- Directed by: Richard Sale
- Written by: John Briard Harding
- Screenplay by: Isobel Lennart
- Produced by: Robert Bassler
- Starring: Anne Baxter Macdonald Carey Cecil Kellaway
- Cinematography: Leo Tover
- Edited by: Robert L. Simpson
- Music by: Leigh Harline
- Production company: Twentieth Century-Fox
- Distributed by: Twentieth Century-Fox
- Release date: October 10, 1952 (New York);
- Running time: 87 minutes
- Country: United States
- Language: English

= My Wife's Best Friend =

1952 film

My Wife's Best Friend is a 1952 American comedy film directed by Richard Sale and starring Anne Baxter, Macdonald Carey and Catherine McLeod.

==Plot==

George and Virginia Mason, a couple from Illinois, are aboard an airliner headed for their second honeymoon in Hawaii.
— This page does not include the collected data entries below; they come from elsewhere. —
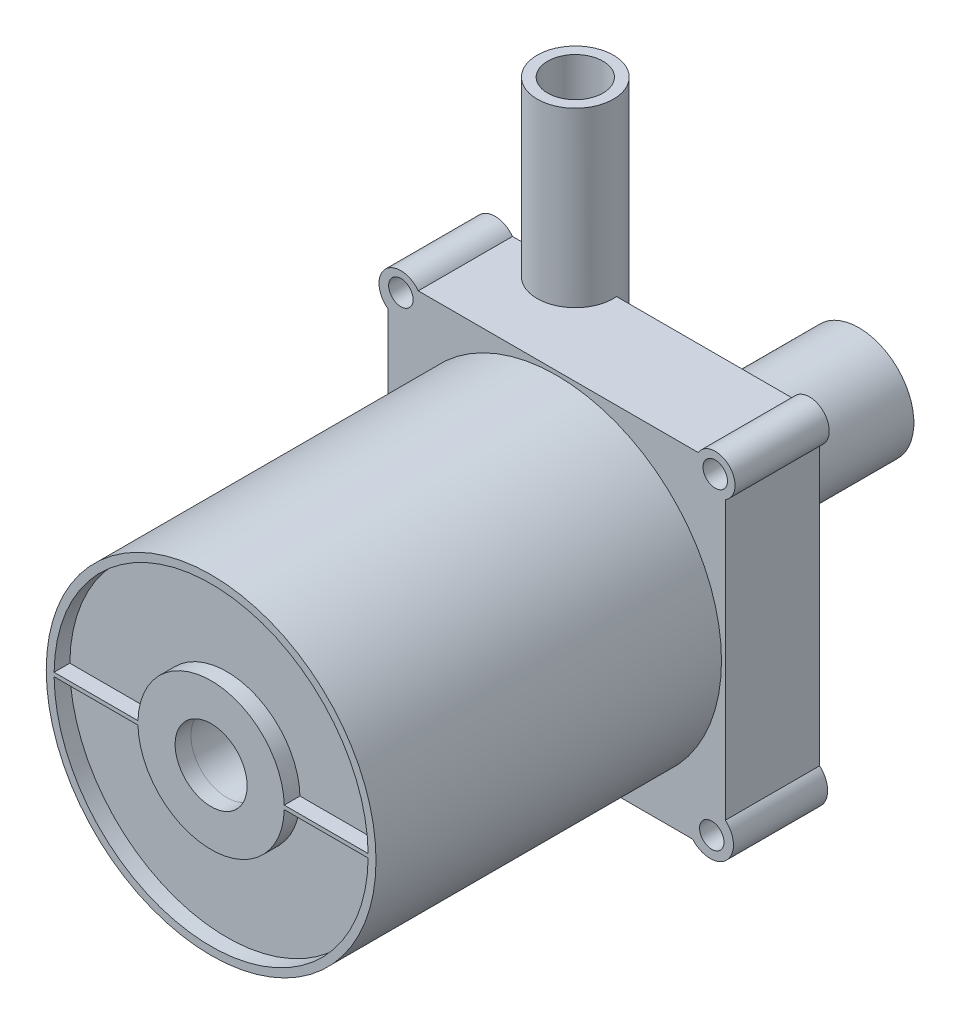
SolidWorks part; units mm, degrees
material "ABS"
ref_plane "Front Plane" through (0, 0, 0) normal (0, 0, 1) x (1, 0, 0)
ref_plane "Top Plane" through (0, 0, 0) normal (0, 1, 0) x (1, 0, 0)
ref_plane "Right Plane" through (0, 0, 0) normal (1, 0, 0) x (0, 0, -1)
sketch "Sketch2" plane through (0, 0, 0) normal (0, 0, 1) x (1, 0, 0)
  circle A0 centre (0, 0) radius 21
extrude "Boss-Extrude4" add sketch "Sketch2" along normal blind 44
sketch "Sketch5" plane through (0, 0, 44) normal (0, 0, 1) x (1, 0, 0)
  circle A0 centre (0, 0) radius 20.5
sketch "Sketch6" plane through (0, 0, 0) normal (0, 0, -1) x (-1, 0, 0)
  line L1 (-21.5, 21.5) -> (21.5, 21.5)
  line L2 (-21.5, 21.5) -> (-21.5, -21.5)
  line L3 (-21.5, -21.5) -> (21.5, -21.5)
  line L4 (21.5, 21.5) -> (21.5, -21.5)
  line L5 (-21.5, 21.5) -> (21.5, -21.5) construction
  line L6 (-21.5, -21.5) -> (21.5, 21.5) construction
  circle A0 centre (-20.202, 20.202) radius 2.521
  circle A1 centre (19.8464, 19.8464) radius 2.7742
  circle A2 centre (-19.5618, -19.5618) radius 2.9587
  circle A3 centre (19.8464, -19.8464) radius 3.1083
  point P0 (0, 0)
  circle M5 centre (0, 0) radius 21
  dimension "D1" = 43
  dimension "D2" = 43
extrude "Boss-Extrude8" add sketch "Sketch6" along normal blind 12 contours A3 L4 A1 L1 A0 L2 A2 L3 M5 | L3 A2 L2 | L4 A3 L3 | L3 A3 L4
sketch "Sketch7" plane through (0, 0, -12) normal (0, 0, -1) x (-1, 0, 0)
  circle A0 centre (-20.202, 20.202) radius 1.558
  circle A1 centre (19.8326, 20.202) radius 1.558
  circle A2 centre (19.8464, -19.8464) radius 1.558
  circle A3 centre (-19.7621, -19.8464) radius 1.558
  dimension "D1" = 3.116
extrude "Cut-Extrude1" cut sketch "Sketch7" against normal blind 12
sketch "Sketch9" plane through (0, 0, -12) normal (0, 0, -1) x (-1, 0, 0)
  circle A0 centre (0, 0) radius 14.25
extrude "Boss-Extrude10" add sketch "Sketch9" along normal blind 4.5
sketch "Sketch10" plane through (0, 21.5, 0) normal (0, 1, 0) x (1, 0, 0)
  circle A0 centre (-9.1927, 11.5736) radius 4.856
extrude "Boss-Extrude12" add sketch "Sketch10" along normal blind 22 and the other way blind 22
sketch "Sketch11" plane through (0, 0, -16.5) normal (0, 0, -1) x (-1, 0, 0)
  circle A0 centre (0, 0) radius 9
extrude "Boss-Extrude13" add sketch "Sketch11" along normal blind 6
sketch "Sketch12" plane through (0, 0, -22.5) normal (0, 0, -1) x (-1, 0, 0)
  circle A0 centre (0, 0) radius 7
extrude "Boss-Extrude14" add sketch "Sketch12" along normal blind 16
sketch "Sketch13" plane through (0, 0, -38.5) normal (0, 0, -1) x (-1, 0, 0)
  circle A0 centre (0, 0) radius 4.6705
extrude "Cut-Extrude3" cut sketch "Sketch13" against normal blind 120
sketch "Sketch15" plane through (0, 43.5, 0) normal (0, 1, 0) x (1, 0, 0)
  circle A0 centre (-9.1927, 11.5736) radius 3.5271
extrude "Cut-Extrude5" cut sketch "Sketch15" against normal blind 40
sketch "Sketch16" plane through (0, 0, 44) normal (0, 0, 1) x (1, 0, 0)
  circle A0 centre (0, 0) radius 20
extrude "Cut-Extrude6" cut sketch "Sketch16" against normal blind 2
sketch "Sketch17" plane through (0, 0, 42) normal (0, 0, 1) x (1, 0, 0)
  line L1 (-20.4985, 0.2453) -> (20.4985, 0.2453)
  line L2 (-20.4985, 0.2453) -> (-20.4985, -0.2453)
  line L3 (-20.4985, -0.2453) -> (20.4985, -0.2453)
  line L4 (20.4985, 0.2453) -> (20.4985, -0.2453)
  line L5 (-20.4985, 0.2453) -> (20.4985, -0.2453) construction
  line L6 (-20.4985, -0.2453) -> (20.4985, 0.2453) construction
  circle A0 centre (0, 0) radius 20.5 construction
  point P0 (0, 0)
extrude "Boss-Extrude15" add sketch "Sketch17" along normal blind 2
sketch "Sketch18" plane through (0, 0, 42) normal (0, 0, 1) x (1, 0, 0)
  circle A0 centre (0, 0) radius 9.3194
extrude "Boss-Extrude16" add sketch "Sketch18" along normal blind 2
sketch "Sketch19" plane through (0, 0, 44) normal (0, 0, 1) x (1, 0, 0)
  circle A0 centre (0, 0) radius 4.5823
extrude "Cut-Extrude7" cut sketch "Sketch19" against normal blind 2
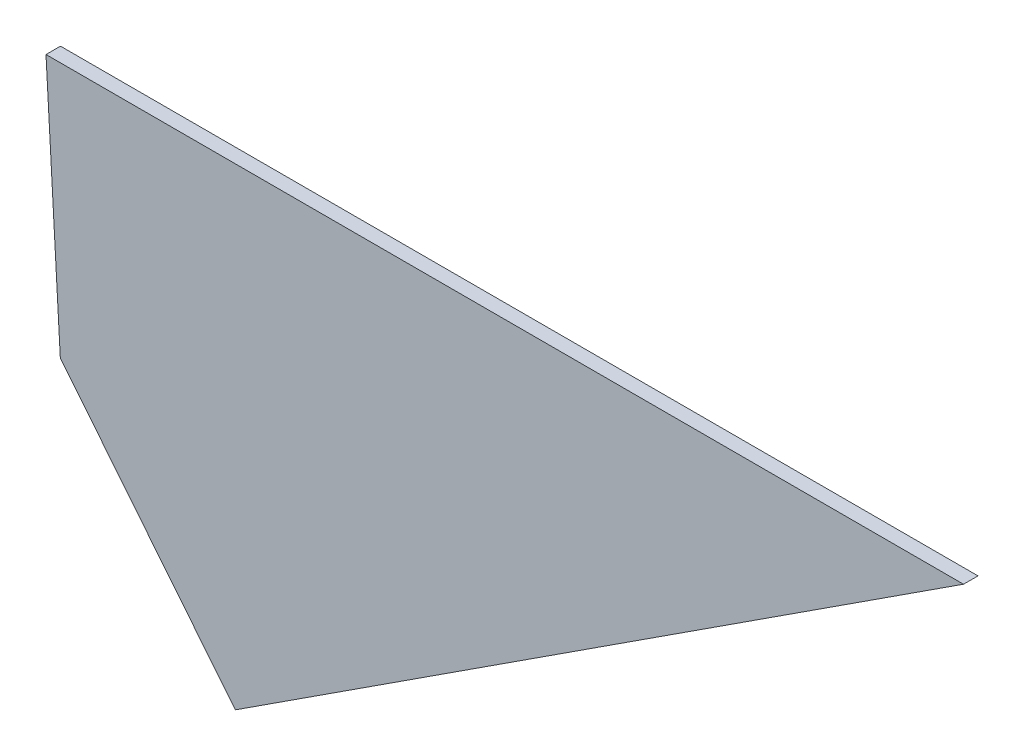
SolidWorks part; units mm, degrees
ref_plane "Plan de face" through (0, 0, 0) normal (0, 0, 1) x (1, 0, 0)
ref_plane "Plan de dessus" through (0, 0, 0) normal (0, 1, 0) x (1, 0, 0)
ref_plane "Plan de droite" through (0, 0, 0) normal (1, 0, 0) x (0, 0, -1)
sketch "Esquisse1" plane through (0, 0, 0) normal (0, 0, 1) x (1, 0, 0)
  line L0 (58.6876, -38.6363) -> (-92.2731, -136.6714)
  line L1 (-92.2731, -136.6714) -> (-125.3272, -95.6363)
  line L2 (-125.3272, -95.6363) -> (-128.5181, -38.6363) construction
  line L3 (-128.5181, -38.6363) -> (58.6876, -38.6363)
  line L13 (-128.5181, -38.6363) -> (-131.5228, -38.6363)
  line L14 (-131.5228, -38.6363) -> (-128.5563, -91.6276)
  line L15 (-128.5563, -91.6276) -> (-125.3272, -95.6363)
  dimension "D1" = 33
  dimension "D2" = 180
  dimension "D3" = 57
  dimension "D4" = 3
extrude "Boss.-Extru.1" add sketch "Esquisse1" against normal blind 3
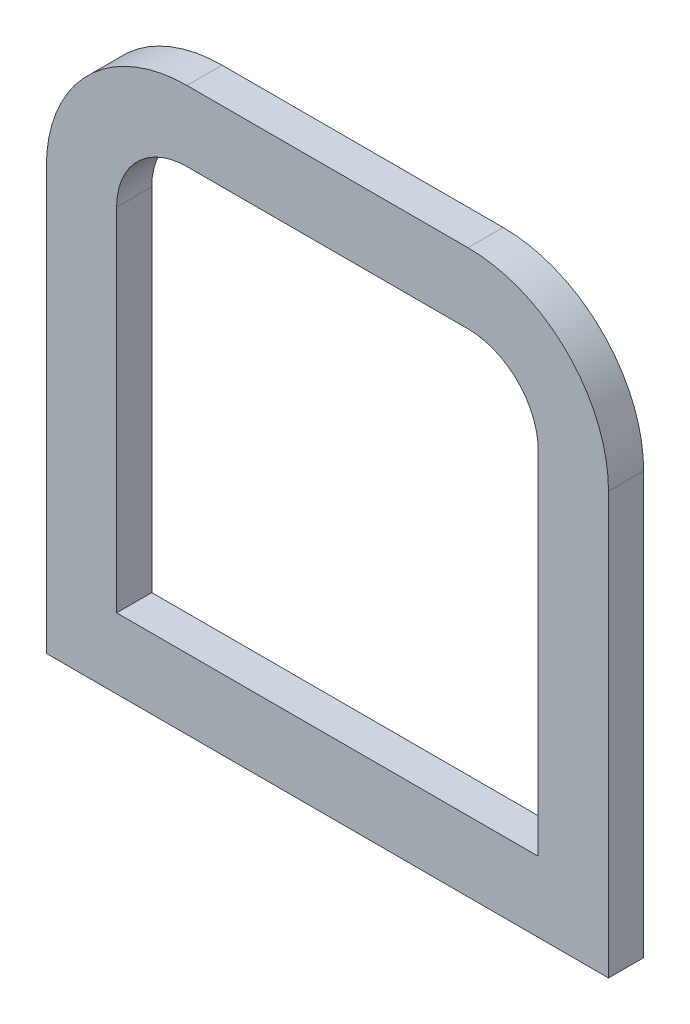
SolidWorks part; units mm, degrees
ref_plane "Front Plane" through (0, 0, 0) normal (0, 0, 1) x (1, 0, 0)
ref_plane "Top Plane" through (0, 0, 0) normal (0, 1, 0) x (1, 0, 0)
ref_plane "Right Plane" through (0, 0, 0) normal (1, 0, 0) x (0, 0, -1)
sketch "Sketch1" plane through (0, 0, 0) normal (0, 0, 1) x (1, 0, 0)
  line L5 (-4, 8) -> (4, 8)
  line L6 (-4, 6) -> (4, 6)
  line L10 (-6, 4) -> (-6, -6)
  line L11 (-6, -6) -> (6, -6)
  line L12 (6, 4) -> (6, -6)
  line L13 (-6, 6) -> (6, -6) construction
  line L14 (-6, -6) -> (6, 6) construction
  line L15 (8, 4) -> (8, -8)
  line L16 (-8, -8) -> (8, -8)
  line L17 (-8, 4) -> (-8, -8)
  arc A0 (4, 6) -> (6, 4) centre (4, 4) cw
  arc A1 (-4, 6) -> (-6, 4) centre (-4, 4) ccw
  arc A2 (4, 8) -> (8, 4) centre (4, 4) cw
  arc A3 (-4, 8) -> (-8, 4) centre (-4, 4) ccw
  point P0 (0, 0)
  dimension "D3" = 2
  dimension "D1" = 12
  dimension "D2" = 12
extrude "Boss-Extrude2" add sketch "Sketch1" along normal blind 1
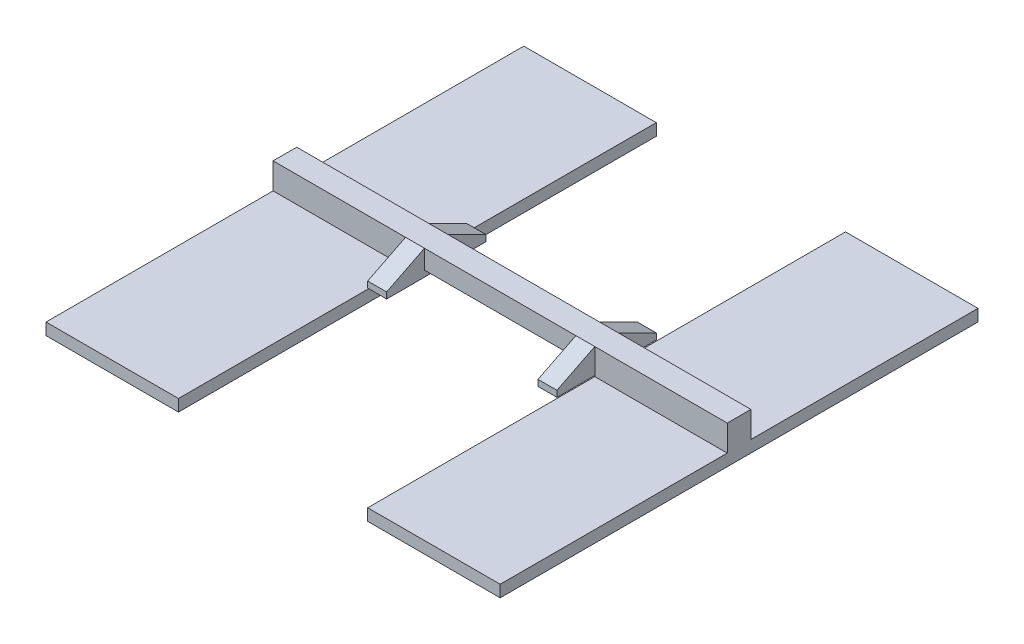
SolidWorks part; units mm, degrees
ref_plane "Front Plane" through (0, 0, 0) normal (0, 0, 1) x (1, 0, 0)
ref_plane "Top Plane" through (0, 0, 0) normal (0, 1, 0) x (1, 0, 0)
ref_plane "Right Plane" through (0, 0, 0) normal (1, 0, 0) x (0, 0, -1)
sketch "Sketch1" plane through (0, 0, 0) normal (0, 0, 1) x (1, 0, 0)
  line L10 (1, 0) -> (9, 0)
  line L12 (0, 1) -> (10, 1)
  line L14 (0, 1) -> (-7, 1)
  line L15 (0, -0.325) -> (0, -1)
  line L16 (0, -1) -> (-7, -1)
  line L17 (-7, 1) -> (-7, -1)
  line L18 (10, 1) -> (17, 1)
  line L19 (10, -0.325) -> (10, -1)
  line L20 (10, -1) -> (17, -1)
  line L21 (17, 1) -> (17, -1)
  line L24 (0, -0.325) -> (1, -0.325)
  line L25 (1, 0) -> (1, -0.325)
  line L28 (10, -0.325) -> (9, -0.325)
  line L29 (9, 0) -> (9, -0.325)
extrude "Boss-Extrude1" add sketch "Sketch1" along normal blind 1.25
sketch "Sketch2" plane through (0, 0, 1.25) normal (0, 0, 1) x (1, 0, 0)
  line L1 (1, -0.325) -> (0, -0.325)
  line L2 (1, -0.325) -> (1, 0)
  line L3 (1, 0) -> (0, 0)
  line L4 (0, -0.325) -> (0, 0)
  line L5 (9, -0.325) -> (10, -0.325)
  line L6 (9, -0.325) -> (9, 0)
  line L7 (9, 0) -> (10, 0)
  line L8 (10, -0.325) -> (10, 0)
  dimension "D1" = 0.325
  dimension "D2" = 1
extrude "Boss-Extrude2" add sketch "Sketch2" along normal blind 2
sketch "Sketch3" plane through (0, 0, 0) normal (0, 0, -1) x (-1, 0, 0)
  line L1 (-9, -0.325) -> (-10, -0.325)
  line L2 (-9, -0.325) -> (-9, 0)
  line L3 (-9, 0) -> (-10, 0)
  line L4 (-10, -0.325) -> (-10, 0)
  line L5 (-1, -0.325) -> (0, -0.325)
  line L6 (-1, -0.325) -> (-1, 0)
  line L7 (-1, 0) -> (0, 0)
  line L8 (0, -0.325) -> (0, 0)
  dimension "D1" = 1
  dimension "D2" = 0.325
  dimension "D3" = 1
  dimension "D4" = 0.325
extrude "Boss-Extrude3" add sketch "Sketch3" along normal blind 2
sketch "Sketch7" plane through (10, 0, 0) normal (1, 0, 0) x (0, 0, -1)
  line L0 (-3.25, 0) -> (-1.25, 1)
  line L1 (-1.25, 1) -> (-1.25, 0)
  line L2 (2, 0) -> (0, 1)
  line L3 (0, 1) -> (0, 0)
  line L4 (0, 0) -> (2, 0)
  line L6 (-1.25, -0.325) -> (-1.25, 0)
  line L7 (-1.25, 0) -> (-3.25, 0)
  line L8 (-3.25, 0) -> (-3.25, -0.325)
  line L9 (-3.25, -0.325) -> (-1.25, -0.325)
  line L10 (-1.25, -0.325) -> (-1.25, 0)
  line L12 (-3.25, 0) -> (-3.25, -0.325)
  line L13 (-3.25, -0.325) -> (-1.25, -0.325)
  dimension "D1" = 0
extrude "Boss-Extrude7" add sketch "Sketch7" against normal blind 1
sketch "Sketch8" plane through (0, 0, 0) normal (-1, 0, 0) x (0, 0, 1)
  line L0 (-2, 0) -> (0, 1)
  line L1 (0, 1) -> (0, 0)
  line L2 (0, 0) -> (-2, 0)
  line L3 (1.25, 1) -> (1.25, 0)
  line L4 (1.25, 0) -> (3.25, 0)
  line L5 (3.25, 0) -> (1.25, 1)
extrude "Boss-Extrude8" add sketch "Sketch8" against normal blind 1
sketch "Sketch9" plane through (0, 0, 1.25) normal (0, 0, 1) x (1, 0, 0)
  line L0 (-7, 1) -> (-7, -1) construction
  line L1 (0, -1) -> (-7, -1)
  line L2 (0, -1) -> (0, -0.3758)
  line L3 (0, -0.3758) -> (-7, -0.3758)
  line L4 (-7, -1) -> (-7, -0.3758)
  line L5 (17, -1) -> (17, 1) construction
  line L6 (10, -1) -> (17, -1)
  line L7 (10, -1) -> (10, -0.3758)
  line L8 (10, -0.3758) -> (17, -0.3758)
  line L9 (17, -1) -> (17, -0.3758)
extrude "Boss-Extrude9" add sketch "Sketch9" along normal blind 12 and the other way blind 13.25
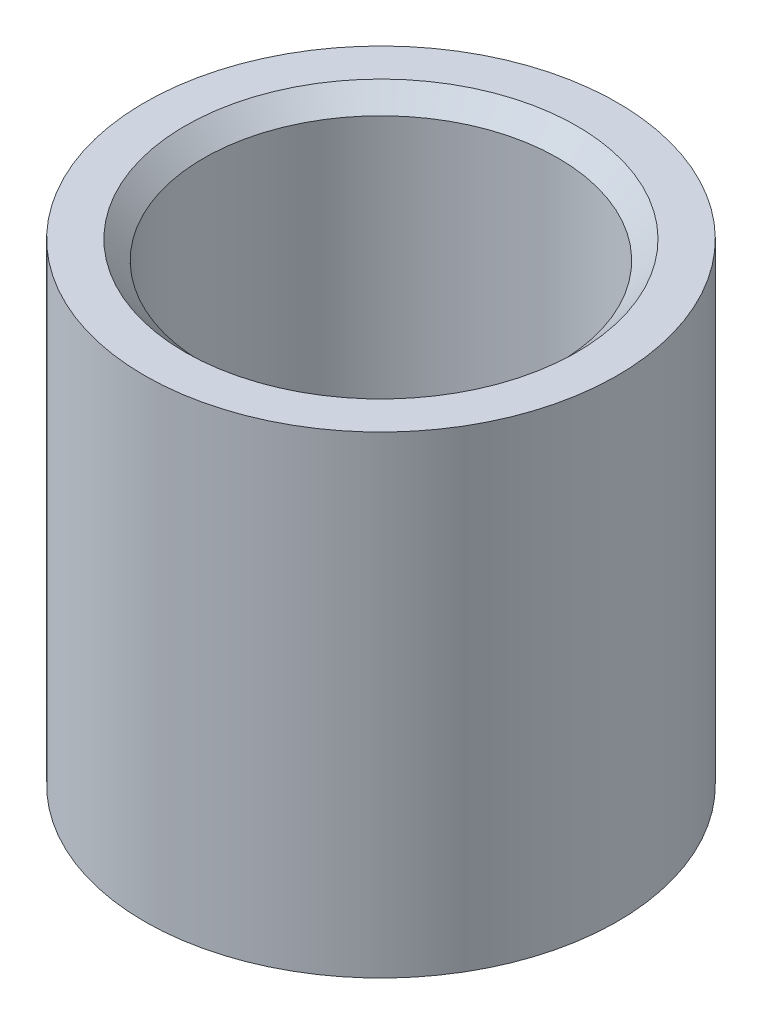
SolidWorks part; units mm, degrees
material "Brass"
ref_plane "Front Plane" through (0, 0, 0) normal (0, 0, 1) x (1, 0, 0)
ref_plane "Top Plane" through (0, 0, 0) normal (0, 1, 0) x (1, 0, 0)
ref_plane "Right Plane" through (0, 0, 0) normal (1, 0, 0) x (0, 0, -1)
sketch "Sketch1" plane through (0, 0, 0) normal (0, 1, 0) x (1, 0, 0)
  circle A0 centre (0, 0) radius 2.3813
  circle A1 centre (0, 0) radius 3.175
  dimension "D1" = 4.7625
  dimension "D2" = 6.35
extrude "Boss-Extrude1" add sketch "Sketch1" along normal blind 6.35
chamfer "Chamfer1" distance 0.25 angle 45 2 edges at (0, 0, 2.3813) (0, 6.35, 2.3813)

When the plane develops serious engine trouble, George, believing that he is about to die, confesses to Virginia that had an affair with her best friend Jane Richards. Virginia envisions several potential revenge scenarios, casting herself as various famous women of history. The plane lands safely and Virginia learns that the affair was nothing more than a discreet flirtation.

==Cast==
- Anne Baxter as Virginia Mason
- Macdonald Carey as George Mason
- Cecil Kellaway as Rev. Thomas Chamberlain
- Max Showalter as Pete Bentham
- Catherine McLeod as Jane Richards
- Leif Erickson as Nicholas Reed
- Frances Bavier as Mrs. Chamberlain
- Mary Sullivan as Flossy Chamberlain
- Martin Milner as Buddy Chamberlain
- Billie Bird as Katie
- Michael Ross as Matt
- Morgan Farley as Dr. McCurran
- Junius Matthews as Rev. Dr. Smith
- Henry Kulky as Pug
- Emmett Vogan as Walter Rogers
- Ann Staunton as Hannah
- Edgar Dearing as Police Chief
- May Wynn as Stewardess

== Production ==
In a contemporary review for The New York Times, critic Bosley Crowther called the film "program filler" and wrote: "It's supposed to be very funny, but you want to know something? It's not!"

Critic Grace Kingsley of the Los Angeles Times praised Anne Baxter's performance, calling her "a highly gifted comedienne".